* [Work order] Nothing but the lines from the start of the records through the line that contains "for name, color, linetype, true_color" is to be copied, and each is to be copied exactly.

* [Task input]

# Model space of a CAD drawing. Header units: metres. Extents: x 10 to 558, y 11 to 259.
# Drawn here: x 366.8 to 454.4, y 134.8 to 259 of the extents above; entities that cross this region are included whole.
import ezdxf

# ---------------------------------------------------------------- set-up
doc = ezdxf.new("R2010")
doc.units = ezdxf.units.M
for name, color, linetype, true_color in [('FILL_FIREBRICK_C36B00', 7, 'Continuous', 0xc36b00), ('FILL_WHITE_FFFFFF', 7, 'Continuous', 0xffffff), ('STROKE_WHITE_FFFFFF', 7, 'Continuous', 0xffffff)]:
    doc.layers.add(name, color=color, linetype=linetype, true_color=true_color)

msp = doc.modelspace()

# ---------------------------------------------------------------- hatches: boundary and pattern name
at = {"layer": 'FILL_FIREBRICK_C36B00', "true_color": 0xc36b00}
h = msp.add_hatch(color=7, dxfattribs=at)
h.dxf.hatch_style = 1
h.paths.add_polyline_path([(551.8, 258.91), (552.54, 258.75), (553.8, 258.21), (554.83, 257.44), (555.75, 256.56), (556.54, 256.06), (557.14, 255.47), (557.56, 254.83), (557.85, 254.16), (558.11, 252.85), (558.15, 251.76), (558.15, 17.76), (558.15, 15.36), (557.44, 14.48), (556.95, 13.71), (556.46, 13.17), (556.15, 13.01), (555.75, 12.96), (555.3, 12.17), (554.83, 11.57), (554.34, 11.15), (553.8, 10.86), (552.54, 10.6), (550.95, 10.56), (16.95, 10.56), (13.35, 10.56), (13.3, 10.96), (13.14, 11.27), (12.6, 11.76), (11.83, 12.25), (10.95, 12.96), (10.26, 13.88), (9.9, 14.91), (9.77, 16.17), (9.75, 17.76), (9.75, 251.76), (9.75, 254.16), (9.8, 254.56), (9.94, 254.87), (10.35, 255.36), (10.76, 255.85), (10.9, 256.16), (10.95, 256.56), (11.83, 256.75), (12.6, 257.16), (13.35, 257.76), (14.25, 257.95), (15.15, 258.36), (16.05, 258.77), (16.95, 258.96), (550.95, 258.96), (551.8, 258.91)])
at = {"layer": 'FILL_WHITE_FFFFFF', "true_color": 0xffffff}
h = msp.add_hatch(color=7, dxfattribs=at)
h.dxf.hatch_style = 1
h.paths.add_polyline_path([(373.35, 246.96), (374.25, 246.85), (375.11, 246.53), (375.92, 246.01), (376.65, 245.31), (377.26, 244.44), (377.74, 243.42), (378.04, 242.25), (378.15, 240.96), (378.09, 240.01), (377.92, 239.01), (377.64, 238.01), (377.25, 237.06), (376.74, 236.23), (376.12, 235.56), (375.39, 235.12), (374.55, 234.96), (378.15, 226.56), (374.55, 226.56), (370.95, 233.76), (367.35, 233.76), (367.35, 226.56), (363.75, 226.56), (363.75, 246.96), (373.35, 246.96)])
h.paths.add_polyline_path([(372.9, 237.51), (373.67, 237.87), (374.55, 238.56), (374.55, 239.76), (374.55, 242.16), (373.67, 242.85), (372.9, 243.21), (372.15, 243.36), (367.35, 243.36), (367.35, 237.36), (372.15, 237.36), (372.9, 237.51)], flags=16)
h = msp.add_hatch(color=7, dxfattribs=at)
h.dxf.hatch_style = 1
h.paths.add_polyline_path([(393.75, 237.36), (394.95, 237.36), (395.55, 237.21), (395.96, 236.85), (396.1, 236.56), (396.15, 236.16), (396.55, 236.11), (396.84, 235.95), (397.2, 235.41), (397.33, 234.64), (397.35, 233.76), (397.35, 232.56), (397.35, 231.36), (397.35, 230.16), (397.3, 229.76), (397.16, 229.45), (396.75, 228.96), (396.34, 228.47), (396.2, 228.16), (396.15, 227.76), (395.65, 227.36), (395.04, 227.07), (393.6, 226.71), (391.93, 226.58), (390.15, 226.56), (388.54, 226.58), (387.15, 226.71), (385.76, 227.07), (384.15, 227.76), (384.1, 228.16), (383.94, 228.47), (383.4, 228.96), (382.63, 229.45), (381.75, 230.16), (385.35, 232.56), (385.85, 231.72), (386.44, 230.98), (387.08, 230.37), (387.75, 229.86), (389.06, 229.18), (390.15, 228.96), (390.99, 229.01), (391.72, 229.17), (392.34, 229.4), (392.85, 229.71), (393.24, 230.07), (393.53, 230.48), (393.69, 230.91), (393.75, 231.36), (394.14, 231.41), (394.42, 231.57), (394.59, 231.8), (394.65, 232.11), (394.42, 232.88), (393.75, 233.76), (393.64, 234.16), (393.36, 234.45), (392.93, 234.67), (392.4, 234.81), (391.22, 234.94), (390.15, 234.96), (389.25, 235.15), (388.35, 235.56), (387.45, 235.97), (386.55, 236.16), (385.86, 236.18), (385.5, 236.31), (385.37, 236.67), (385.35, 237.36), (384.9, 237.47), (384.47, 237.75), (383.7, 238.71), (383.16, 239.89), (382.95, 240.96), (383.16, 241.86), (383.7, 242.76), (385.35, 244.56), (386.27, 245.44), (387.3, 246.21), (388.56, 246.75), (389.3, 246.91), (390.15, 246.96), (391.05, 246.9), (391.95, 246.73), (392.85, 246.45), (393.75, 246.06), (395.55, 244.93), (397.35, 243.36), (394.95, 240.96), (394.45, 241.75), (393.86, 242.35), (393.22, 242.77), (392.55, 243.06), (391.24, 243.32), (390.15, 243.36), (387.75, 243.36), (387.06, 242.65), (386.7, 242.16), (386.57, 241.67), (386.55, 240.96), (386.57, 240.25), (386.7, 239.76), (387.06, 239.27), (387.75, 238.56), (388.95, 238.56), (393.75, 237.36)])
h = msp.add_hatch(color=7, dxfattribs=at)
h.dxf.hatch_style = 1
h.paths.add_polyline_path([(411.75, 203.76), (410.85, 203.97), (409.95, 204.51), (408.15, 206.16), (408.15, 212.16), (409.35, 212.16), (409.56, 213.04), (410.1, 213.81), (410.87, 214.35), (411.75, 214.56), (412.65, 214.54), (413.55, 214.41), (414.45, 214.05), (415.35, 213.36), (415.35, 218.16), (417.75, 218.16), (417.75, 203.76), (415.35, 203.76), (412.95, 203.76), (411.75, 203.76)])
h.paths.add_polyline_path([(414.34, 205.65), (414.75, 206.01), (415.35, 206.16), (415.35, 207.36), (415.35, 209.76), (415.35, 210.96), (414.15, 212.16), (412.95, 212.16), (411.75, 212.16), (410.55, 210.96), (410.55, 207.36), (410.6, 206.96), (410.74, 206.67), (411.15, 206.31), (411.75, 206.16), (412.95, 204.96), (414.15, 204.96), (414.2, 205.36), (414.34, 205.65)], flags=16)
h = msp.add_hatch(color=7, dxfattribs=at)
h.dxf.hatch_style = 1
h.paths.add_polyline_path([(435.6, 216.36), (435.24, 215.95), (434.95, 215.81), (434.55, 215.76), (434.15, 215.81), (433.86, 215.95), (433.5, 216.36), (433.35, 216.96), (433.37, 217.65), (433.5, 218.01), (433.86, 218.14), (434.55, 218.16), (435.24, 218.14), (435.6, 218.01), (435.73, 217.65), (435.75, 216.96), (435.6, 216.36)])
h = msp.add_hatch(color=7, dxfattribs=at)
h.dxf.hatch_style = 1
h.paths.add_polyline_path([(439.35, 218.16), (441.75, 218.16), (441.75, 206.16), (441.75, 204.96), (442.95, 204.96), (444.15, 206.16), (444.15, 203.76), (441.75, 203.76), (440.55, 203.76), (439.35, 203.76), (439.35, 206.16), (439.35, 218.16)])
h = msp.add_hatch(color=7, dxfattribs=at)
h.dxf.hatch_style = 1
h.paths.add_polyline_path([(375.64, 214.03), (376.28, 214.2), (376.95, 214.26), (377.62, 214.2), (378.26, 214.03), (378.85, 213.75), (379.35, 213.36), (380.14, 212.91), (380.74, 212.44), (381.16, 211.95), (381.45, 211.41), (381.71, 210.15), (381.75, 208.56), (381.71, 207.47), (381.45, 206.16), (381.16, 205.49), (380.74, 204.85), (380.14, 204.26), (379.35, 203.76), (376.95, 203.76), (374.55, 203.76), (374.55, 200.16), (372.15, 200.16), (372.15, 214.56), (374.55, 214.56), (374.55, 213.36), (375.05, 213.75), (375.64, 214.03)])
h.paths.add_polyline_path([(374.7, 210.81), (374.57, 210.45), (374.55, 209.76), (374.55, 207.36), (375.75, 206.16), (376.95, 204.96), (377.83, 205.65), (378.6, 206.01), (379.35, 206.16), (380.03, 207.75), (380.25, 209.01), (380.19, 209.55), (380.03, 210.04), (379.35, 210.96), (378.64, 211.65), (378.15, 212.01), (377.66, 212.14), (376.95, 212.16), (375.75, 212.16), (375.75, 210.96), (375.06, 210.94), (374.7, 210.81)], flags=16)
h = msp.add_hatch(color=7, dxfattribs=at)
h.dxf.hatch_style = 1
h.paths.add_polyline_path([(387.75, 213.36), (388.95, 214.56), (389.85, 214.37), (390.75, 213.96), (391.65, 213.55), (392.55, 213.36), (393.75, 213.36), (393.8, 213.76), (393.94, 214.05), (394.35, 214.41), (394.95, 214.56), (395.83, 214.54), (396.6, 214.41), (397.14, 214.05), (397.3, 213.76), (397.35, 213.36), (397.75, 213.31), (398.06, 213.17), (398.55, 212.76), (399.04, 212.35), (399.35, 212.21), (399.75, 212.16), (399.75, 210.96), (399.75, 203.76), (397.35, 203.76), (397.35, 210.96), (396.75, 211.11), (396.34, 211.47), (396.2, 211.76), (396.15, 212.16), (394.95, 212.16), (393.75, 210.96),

* [Solution for this problem]
# Model space of a CAD drawing. Header units: metres. Extents: x 10 to 558, y 11 to 259.
# Drawn here: x 366.8 to 454.4, y 134.8 to 259 of the extents above; entities that cross this region are included whole.
import ezdxf

# ---------------------------------------------------------------- set-up
doc = ezdxf.new("R2010")
doc.units = ezdxf.units.M
for name, color, linetype, true_color in [('FILL_FIREBRICK_C36B00', 7, 'Continuous', 0xc36b00), ('FILL_WHITE_FFFFFF', 7, 'Continuous', 0xffffff), ('STROKE_WHITE_FFFFFF', 7, 'Continuous', 0xffffff)]:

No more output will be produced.